Items from a dataset
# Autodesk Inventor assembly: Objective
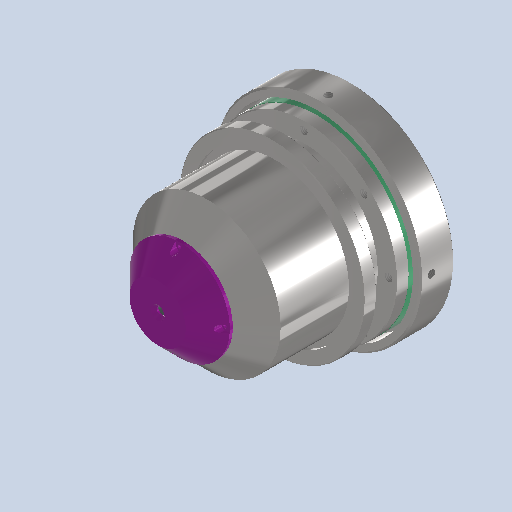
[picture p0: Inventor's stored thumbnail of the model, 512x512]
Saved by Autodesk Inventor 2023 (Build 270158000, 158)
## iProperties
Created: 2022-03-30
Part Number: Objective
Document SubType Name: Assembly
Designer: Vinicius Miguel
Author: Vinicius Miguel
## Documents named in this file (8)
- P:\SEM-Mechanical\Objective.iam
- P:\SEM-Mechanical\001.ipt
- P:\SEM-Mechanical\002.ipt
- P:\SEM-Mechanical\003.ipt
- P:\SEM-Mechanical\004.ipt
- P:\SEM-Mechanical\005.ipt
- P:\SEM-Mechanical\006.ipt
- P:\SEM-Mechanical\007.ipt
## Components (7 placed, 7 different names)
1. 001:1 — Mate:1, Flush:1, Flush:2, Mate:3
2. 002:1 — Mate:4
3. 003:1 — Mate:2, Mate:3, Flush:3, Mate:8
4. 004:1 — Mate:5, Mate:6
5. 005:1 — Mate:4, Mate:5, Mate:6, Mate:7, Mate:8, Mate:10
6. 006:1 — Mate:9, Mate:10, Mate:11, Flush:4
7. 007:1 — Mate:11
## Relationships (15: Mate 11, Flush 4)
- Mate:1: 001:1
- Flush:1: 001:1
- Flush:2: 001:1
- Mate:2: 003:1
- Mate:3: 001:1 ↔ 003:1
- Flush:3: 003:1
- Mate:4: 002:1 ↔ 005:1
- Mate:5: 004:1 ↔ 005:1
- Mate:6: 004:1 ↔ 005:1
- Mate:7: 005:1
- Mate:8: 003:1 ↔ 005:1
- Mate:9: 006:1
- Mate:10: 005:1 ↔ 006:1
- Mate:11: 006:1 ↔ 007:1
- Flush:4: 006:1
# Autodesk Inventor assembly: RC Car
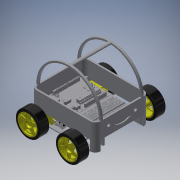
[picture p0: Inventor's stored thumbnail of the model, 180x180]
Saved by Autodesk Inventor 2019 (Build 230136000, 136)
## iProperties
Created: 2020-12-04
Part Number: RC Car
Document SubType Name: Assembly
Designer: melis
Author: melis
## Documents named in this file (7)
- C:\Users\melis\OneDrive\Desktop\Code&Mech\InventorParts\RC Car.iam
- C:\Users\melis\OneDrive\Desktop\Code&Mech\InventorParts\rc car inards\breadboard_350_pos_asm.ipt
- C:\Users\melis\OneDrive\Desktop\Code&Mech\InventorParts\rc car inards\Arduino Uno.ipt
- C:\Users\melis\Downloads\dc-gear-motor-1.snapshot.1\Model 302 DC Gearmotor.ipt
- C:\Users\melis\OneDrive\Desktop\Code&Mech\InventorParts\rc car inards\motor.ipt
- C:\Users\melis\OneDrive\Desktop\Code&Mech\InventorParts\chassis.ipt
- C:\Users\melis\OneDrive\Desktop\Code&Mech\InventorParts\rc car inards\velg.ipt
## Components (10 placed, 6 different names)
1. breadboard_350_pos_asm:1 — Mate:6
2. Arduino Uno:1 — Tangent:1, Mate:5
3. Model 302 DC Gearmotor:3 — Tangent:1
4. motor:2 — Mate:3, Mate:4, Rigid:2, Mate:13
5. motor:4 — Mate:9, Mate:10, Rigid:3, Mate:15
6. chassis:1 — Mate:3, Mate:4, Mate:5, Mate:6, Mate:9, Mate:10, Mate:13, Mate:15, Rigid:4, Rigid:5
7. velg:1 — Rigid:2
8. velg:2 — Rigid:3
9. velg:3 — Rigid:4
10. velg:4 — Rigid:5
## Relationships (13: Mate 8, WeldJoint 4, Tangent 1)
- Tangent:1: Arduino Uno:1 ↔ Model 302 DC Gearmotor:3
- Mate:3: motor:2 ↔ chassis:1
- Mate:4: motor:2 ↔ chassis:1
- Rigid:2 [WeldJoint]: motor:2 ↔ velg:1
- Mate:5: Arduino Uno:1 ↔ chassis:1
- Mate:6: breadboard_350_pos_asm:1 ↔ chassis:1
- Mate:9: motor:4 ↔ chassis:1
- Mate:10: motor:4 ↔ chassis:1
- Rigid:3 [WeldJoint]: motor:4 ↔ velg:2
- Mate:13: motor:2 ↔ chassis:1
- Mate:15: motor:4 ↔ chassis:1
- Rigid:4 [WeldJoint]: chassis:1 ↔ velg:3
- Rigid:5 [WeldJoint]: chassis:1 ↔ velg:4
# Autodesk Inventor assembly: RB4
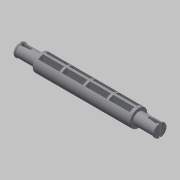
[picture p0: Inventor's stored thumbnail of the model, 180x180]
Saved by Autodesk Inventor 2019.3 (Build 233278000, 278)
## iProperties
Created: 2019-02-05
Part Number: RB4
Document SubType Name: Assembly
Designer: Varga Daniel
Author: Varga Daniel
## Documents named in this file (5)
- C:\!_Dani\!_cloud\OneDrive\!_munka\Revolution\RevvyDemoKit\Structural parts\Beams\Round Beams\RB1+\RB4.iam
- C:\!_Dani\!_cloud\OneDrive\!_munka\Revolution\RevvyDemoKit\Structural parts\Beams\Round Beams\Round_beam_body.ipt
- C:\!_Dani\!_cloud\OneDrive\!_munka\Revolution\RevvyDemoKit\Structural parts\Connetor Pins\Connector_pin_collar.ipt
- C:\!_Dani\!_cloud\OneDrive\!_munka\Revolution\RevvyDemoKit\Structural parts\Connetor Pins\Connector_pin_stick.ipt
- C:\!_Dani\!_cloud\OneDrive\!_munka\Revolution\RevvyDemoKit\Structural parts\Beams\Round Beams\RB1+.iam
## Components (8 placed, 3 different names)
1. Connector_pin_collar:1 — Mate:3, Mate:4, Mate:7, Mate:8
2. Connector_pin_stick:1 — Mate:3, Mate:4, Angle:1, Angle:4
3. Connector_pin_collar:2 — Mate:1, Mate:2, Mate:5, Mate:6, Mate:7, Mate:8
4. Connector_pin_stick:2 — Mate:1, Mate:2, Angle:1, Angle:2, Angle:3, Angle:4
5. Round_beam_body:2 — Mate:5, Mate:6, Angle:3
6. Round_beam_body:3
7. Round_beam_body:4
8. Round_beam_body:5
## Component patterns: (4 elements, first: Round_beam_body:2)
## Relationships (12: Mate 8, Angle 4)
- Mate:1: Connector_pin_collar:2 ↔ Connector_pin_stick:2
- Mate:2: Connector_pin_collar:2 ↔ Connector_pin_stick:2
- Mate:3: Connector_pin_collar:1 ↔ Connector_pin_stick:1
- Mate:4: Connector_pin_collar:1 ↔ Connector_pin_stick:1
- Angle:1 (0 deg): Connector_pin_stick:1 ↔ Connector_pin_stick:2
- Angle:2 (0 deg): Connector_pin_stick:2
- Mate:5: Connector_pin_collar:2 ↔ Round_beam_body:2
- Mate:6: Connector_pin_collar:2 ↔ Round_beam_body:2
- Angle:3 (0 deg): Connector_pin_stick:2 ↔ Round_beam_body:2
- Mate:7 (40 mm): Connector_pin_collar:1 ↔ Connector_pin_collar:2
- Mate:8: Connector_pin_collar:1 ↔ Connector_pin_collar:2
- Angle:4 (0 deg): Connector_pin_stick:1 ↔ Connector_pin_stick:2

■ **Action item**:
The last part of the records is the answer, beginning at the line that holds "- Angle:2 (0 deg): Connector_pin_stick:2" and including the final line, repeated exactly.

■ **Answer to this problem**:
- Angle:2 (0 deg): Connector_pin_stick:2
- Mate:5: Connector_pin_collar:2 ↔ Round_beam_body:2
- Mate:6: Connector_pin_collar:2 ↔ Round_beam_body:2
- Angle:3 (0 deg): Connector_pin_stick:2 ↔ Round_beam_body:2
- Mate:7 (40 mm): Connector_pin_collar:1 ↔ Connector_pin_collar:2
- Mate:8: Connector_pin_collar:1 ↔ Connector_pin_collar:2
- Angle:4 (0 deg): Connector_pin_stick:1 ↔ Connector_pin_stick:2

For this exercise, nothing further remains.